Abstract

ABSTRACTThis research concerning the South Pacific Ocean shows the 10‐year and interannual variability of extreme cyclones (categories 4 and 5). The intensity of these cyclones has been reanalysed on the basis of GMS, GOES and NOAA satellite images with the Dvorak technique. In the period 1980–2016, 63 cyclones reached categories 4 and 5. During the decade 1980–1989, the intensity of cyclones of at least 115 knots over 1 min (100 knots over 10 min used by the meteorological centres in the South Pacific) was underestimated: we found 19 such cyclones, as opposed to 11 in IBTrACS, and 6 in the SPEArTC and in the Joint Typhoon Warning Center (JTWC) databases. Between 1980 and 2016, the number of extreme cyclones did not show any tendency to increase. The 1983 season was the most active, with six cyclones of categories 4 and 5 that do not figure in the JTWC database for the South Pacific.
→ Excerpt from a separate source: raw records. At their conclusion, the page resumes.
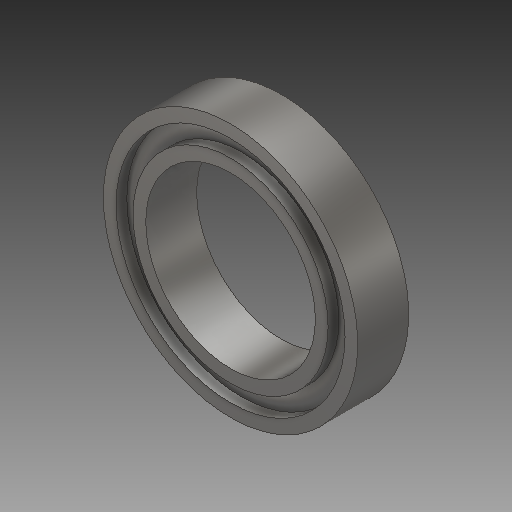
# Autodesk Inventor part: ベアリング10.15
Saved by Autodesk Inventor 2017.3 (Build 213256000, 256)
## iProperties
Part Number: ベアリング10.15
Material: ステンレス鋼
Document SubType Name: Modeling
Designer: 原知也
Density: 8 g/cm^3
Appearance: 半つや出し
Mass: 2.01477 g
Surface Area: 5.3526 cm^2
Volume: 0.251847 cm^3
Author: 原知也
Autodesk Inventor part; units mm, degrees
ref_plane "YZ Plane" through (0, 0, 0) normal (1, 0, 0) x (0, 1, 0)
ref_plane "XZ Plane" through (0, 0, 0) normal (0, 1, 0) x (-1, 0, 0)
ref_plane "XY Plane" through (0, 0, 0) normal (0, 0, 1) x (1, 0, 0)
sketch "スケッチ1" plane through (0, 0, 0) normal (0, 1, 0) x (-1, 0, 0)
  line L0 (0, 0) -> (0, -112.7681) construction
  line L1 (0, -112.7681) -> (0, 117.0869) construction
  line L2 (0, -1.5) -> (5, -1.5) construction
  line L3 (5, -1.5) -> (5, 1.5)
  line L4 (0, 1.5) -> (5, 1.5) construction
  line L5 (7.5, -1.5) -> (7.5, 1.5)
  line L6 (7.5, -1.5) -> (5, 1.5) construction
  line L7 (5, -1.5) -> (7.5, 1.5) construction
  line L8 (7.116, -1.5) -> (5.384, 1.5) construction
  line L9 (5.384, -1.5) -> (7.116, 1.5) construction
  line L10 (6.25, 0) -> (6.25, 1.5) construction
  line L11 (6.75, -0.866) -> (6.75, -1.5)
  line L12 (5.75, -0.866) -> (5.75, -1.5)
  line L13 (6.75, 0.866) -> (6.75, 1.5)
  line L14 (5.75, 0.866) -> (5.75, 1.5)
  line L15 (5, 1.5) -> (5.75, 1.5)
  line L16 (6.75, 1.5) -> (7.5, 1.5)
  arc A0 (6.75, 0.866) -> (5.75, 0.866) centre (6.25, 0) ccw
  arc A1 (5.75, 0.866) -> (5.75, -0.866) centre (6.25, 0) ccw
  arc A2 (5.75, -0.866) -> (6.8902, -0.7682) centre (6.25, 0) ccw
  arc A3 (6.8902, -0.7682) -> (6.75, 0.866) centre (6.25, 0) ccw
  line L17 (5, -1.5) -> (5.75, -1.5)
  line L18 (6.75, -1.5) -> (7.5, -1.5)
  point P0 (6.25, 0)
  dimension "d0" = 5
  dimension "d1" = 1.5
  dimension "d2" = 1.5
  dimension "d3" = 7.5
  dimension "d6" = 30
  dimension "d7" = 30
  dimension "d11" = 1
  constraints: 38 end point, 12 point on line, 9 point on circle, 7 vertical, 5 midpoint, 5 parallel, 4 centre point, 2 horizontal, 2 perpendicular
  measures "d0" distance of L2.start L2.end
  measures "d1" distance of L2.start L0.start
  measures "d2" distance of L0.start L4.start
  measures "d3" distance between parallel lines of L0 L5
  measures "d6" angle of L9 L10
  measures "d7" angle of L10 L8
  measures "d11" radius of A0
revolve "回転2" add sketch "スケッチ1" angle 360 about axis through (0, 0, 0) along (0, 0, -1)
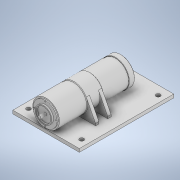
# Autodesk Inventor part: Motor
Saved by Autodesk Inventor 2022.2 (Build 262287000, 287)
## iProperties
Created: 2022-02-10
Part Number: Motor
Material: Genérico
Document SubType Name: Modeling
Designer: USUARIO
Density: 1 g/cm^3
Appearance: Valor por defecto
Author: USUARIO
Autodesk Inventor part; units mm, degrees
ref_plane "YZ Plane" through (0, 0, 0) normal (1, 0, 0) x (0, 1, 0)
sketch "Boceto1" plane through (0, 0, 0) normal (0, 0, 1) x (1, 0, 0)
  circle A0 centre (0, 0) radius 40
  dimension "d0" = 80
  constraints: 1 centre point, 1 coincident
  measures "d0" diameter of A0
extrude "Extrusión1" add sketch "Boceto1" along normal blind 208
sketch "Boceto2" plane through (0, 0, 0) normal (0, 0, -1) x (-1, 0, 0)
  circle A0 centre (0, 0) radius 41.5
  dimension "d3" = 83
  constraints: 1 centre point, 1 coincident
  measures "d3" diameter of A0
extrude "Extrusión2" add sketch "Boceto2" along normal blind 17
fillet "Empalme1" radius 1 2 edges at (41.5, 0, 0) (41.5, 0, -17)
sketch "Boceto3" plane through (0, 0, 208) normal (0, 0, 1) x (1, 0, 0)
  circle A0 centre (0, 0) radius 36
  dimension "d7" = 72
  constraints: 1 centre point, 1 coincident
  measures "d7" diameter of A0
extrude "Extrusión3" add sketch "Boceto3" along normal blind 3
sketch "Boceto4" plane through (0, 0, 211) normal (0, 0, 1) x (1, 0, 0)
  circle A0 centre (0, 0) radius 25
  circle A1 centre (0, 0) radius 22
  dimension "d10" = 50
  dimension "d11" = 44
  constraints: 2 centre point, 2 coincident
  measures "d10" diameter of A0
  measures "d11" diameter of A1
extrude "Extrusión4" add sketch "Boceto4" along normal blind 5
sketch "Boceto5" plane through (0, 0, 211) normal (0, 0, 1) x (1, 0, 0)
  circle A0 centre (0, 0) radius 4.5
  dimension "d14" = 9
  constraints: 1 centre point, 1 coincident
  measures "d14" diameter of A0
extrude "Extrusión5" add sketch "Boceto5" along normal blind 17
sketch "Boceto6" plane through (0, 0, 211) normal (0, 0, 1) x (1, 0, 0)
  circle A0 centre (-32.5, 0) radius 1.5
  circle A1 centre (0, 32.5) radius 1.5
  circle A2 centre (32.5, 0) radius 1.5
  circle A3 centre (0, -32.5) radius 1.5
  point P0 (0, 0)
  dimension "d17" = 3
  dimension "d18" = 3
  dimension "d19" = 3
  dimension "d20" = 3
  dimension "d21" = 65
  dimension "d22" = 65
  dimension "d23" = 32.5
  dimension "d24" = 32.5
  constraints: 4 centre point, 2 horizontal alignment, 2 vertical alignment
  measures "d17" diameter of A0
  measures "d18" diameter of A1
  measures "d19" diameter of A2
  measures "d20" diameter of A3
  measures "d21" distance of A1.centre A3.centre
  measures "d22" distance of A2.centre A0.centre
  measures "d23" distance of A1.centre point (0, 0)
  measures "d24" distance of point (0, 0) A0.centre
extrude "Extrusión6" cut sketch "Boceto6" against normal blind 10
thread "Rosca1" size "M3x0.5" class "6H" standard "ISO Metric profile" length 15
thread "Rosca2" size "M3x0.5" class "6H" standard "ISO Metric profile" length 15
thread "Rosca3" size "M3x0.5" class "6H" standard "ISO Metric profile" length 15
thread "Rosca4" size "M3x0.5" class "6H" standard "ISO Metric profile" length 15
ref_plane "Plano de trabajo1" through (0, 0, 100.75) normal (0, 0, -1) x (-1, 0, 0)
sketch "Boceto7" plane through (0, 0, 100.75) normal (0, 0, -1) x (-1, 0, 0)
  circle A0 centre (0, 0) radius 40 projected
  circle A1 centre (0, 0) radius 41.5
  dimension "d37" = 83
  constraints: 1 centre point, 1 coincident
  measures "d37" diameter of A1
extrude "Extrusión7" add sketch "Boceto7" along normal blind 25 and the other way blind 25.5
fillet "Empalme2" radius 2 2 edges at (41.5, 0, 126.25) (41.5, 0, 75.75)
ref_plane "Plano de trabajo2" through (0, 0, 77.686) normal (0, 0, -1) x (-1, 0, 0)
ref_plane "Plano de trabajo3" through (0, 0, 124.314) normal (0, 0, -1) x (-1, 0, 0)
sketch "Boceto8" plane through (0, 0, 124.314) normal (0, 0, -1) x (-1, 0, 0)
  circle A0 centre (0, 0) radius 41.5 projected
  line L0 (0, -41.5) -> (-65, -41.5)
  line L1 (-65, -41.5) -> (-65, -35.5)
  line L2 (-65, -35.5) -> (-36.8844, 19.0208)
  line L3 (0, -41.5) -> (65, -41.5)
  line L4 (65, -41.5) -> (65, -35.5)
  line L5 (65, -35.5) -> (36.8844, 19.0208)
  dimension "d45" = 6
  dimension "d46" = 65
  dimension "d47" = 65
  dimension "d48" = 6
  constraints: 12 end point, 3 point on circle, 3 tangent, 2 horizontal, 2 perpendicular
  measures "d45" distance of L0.end L1.end
  measures "d46" distance of L0.start L0.end
  measures "d47" distance of L0.start L3.end
  measures "d48" distance of L3.end L4.end
extrude "Extrusión8" add sketch "Boceto8" along normal blind 10 contours A0 L5 L4 L3 | L0 L1 L2 A0
sketch "Boceto9" plane through (0, 0, 77.686) normal (0, 0, -1) x (-1, 0, 0)
  arc A0 (-36.8844, 19.0208) -> (0, -41.5) centre (0, 0) ccw projected
  line L0 (-65, -41.5) -> (0, -41.5) projected
  line L1 (-36.8844, 19.0208) -> (-65, -35.5) projected
  line L2 (-65, -35.5) -> (-65, -41.5) projected
  line L3 (65, -35.5) -> (36.8844, 19.0208) projected
  arc A1 (0, -41.5) -> (36.8844, 19.0208) centre (0, 0) ccw projected
  line L4 (0, -41.5) -> (65, -41.5) projected
  line L5 (65, -41.5) -> (65, -35.5) projected
  point P0 (0, -41.5)
  point P1 (0, -41.5)
  point P2 (0, -41.5)
  point P3 (0, -41.5)
extrude "Extrusión9" add sketch "Boceto9" against normal blind 10
sketch "Boceto10" plane through (0, -41.5, 124.314) normal (0, -1, 0) x (1, 0, 0)
  line L0 (65, 0) -> (0, 0) projected
  line L1 (0, 0) -> (0, -0.0005) projected
  line L2 (0, 0) -> (-65, 0) projected
  line L3 (-65, 0) -> (-65, -10) projected
  line L4 (0, -10) -> (-65, -10) projected
  line L5 (65, -10) -> (0, -10) projected
  line L6 (65, 0) -> (65, -10) projected
  line L7 (65, -46.628) -> (0, -46.628) projected
  line L8 (65, -46.628) -> (65, -36.628) projected
  line L9 (0, -36.628) -> (65, -36.628) projected
  line L10 (-65, -36.628) -> (0, -36.628) projected
  line L11 (-65, -46.628) -> (-65, -36.628) projected
  line L12 (0, -46.628) -> (-65, -46.628) projected
  line L13 (0, -46.628) -> (0, -46.6275) projected
  line L14 (-100, 83.686) -> (100, 83.686)
  line L15 (100, 83.686) -> (100, -200.314)
  line L16 (100, -200.314) -> (-100, -200.314)
  line L17 (-100, -200.314) -> (-100, 83.686)
  line L18 (40, 83.686) -> (-40, 83.686) projected
  circle A0 centre (-80, 56.7285) radius 6.25
  circle A1 centre (80, 56.7285) radius 6.25
  circle A2 centre (-80, -173.3565) radius 6.25
  circle A3 centre (80, -173.3565) radius 6.25
  line L19 (80, -173.3565) -> (-80, -173.3565) construction
  line L20 (-80, 56.7285) -> (-80, -173.3565) construction
  line L21 (-80, 56.7285) -> (80, 56.7285) construction
  line L22 (80, 56.7285) -> (80, -173.3565) construction
  line L23 (0, 83.686) -> (0, -200.314) construction
  line L24 (-100, -58.314) -> (100, -58.314) construction
  point P0 (0, -124.314)
  point P1 (0, 83.686)
  point P2 (0, 56.7285)
  point P3 (0, -58.314)
  point P4 (80, -58.314)
  point P5 (0, -58.314)
  dimension "d53" = 200
  dimension "d54" = 284
  dimension "d55" = 12.5
  dimension "d56" = 12.5
  dimension "d57" = 12.5
  dimension "d58" = 12.5
  dimension "d59" = 160
  dimension "d60" = 160
  dimension "d61" = 230.085
  dimension "d62" = 230.085
  constraints: 20 end point, 9 midpoint, 4 centre point, 3 vertical alignment, 2 parallel, 2 perpendicular, 1 coincident, 1 horizontal, 1 horizontal alignment, 1 vertical
  measures "d53" distance of L15.end L16.end
  measures "d54" distance of L14.end L15.end
  measures "d55" diameter of A0
  measures "d56" diameter of A1
  measures "d57" diameter of A2
  measures "d58" diameter of A3
  measures "d59" distance of L19.start L19.end
  measures "d60" distance of L21.end L20.start
  measures "d61" distance of L19.end L20.start
  measures "d62" distance of L19.start L21.end
extrude "Extrusión10" add sketch "Boceto10" along normal blind 10

Only one intense cyclone has been reported in the SPEArTC and five cyclones in IBTrACS in 1983. El Niño episodes concurred with a much higher number of cyclones of at least 115 knots than La Niña episodes. More than half of the category 5 (at least 140 knots) cyclones were observed during El Niño years. The South Pacific Ocean is the theatre of very intense cyclones, comparable to those in the western or eastern North Pacific. Thus, by reanalysing satellite images, an intensity of 170 knots was attributed to cyclone Hina (March 1985), which was probably one of the strongest in the southern hemisphere since 1980.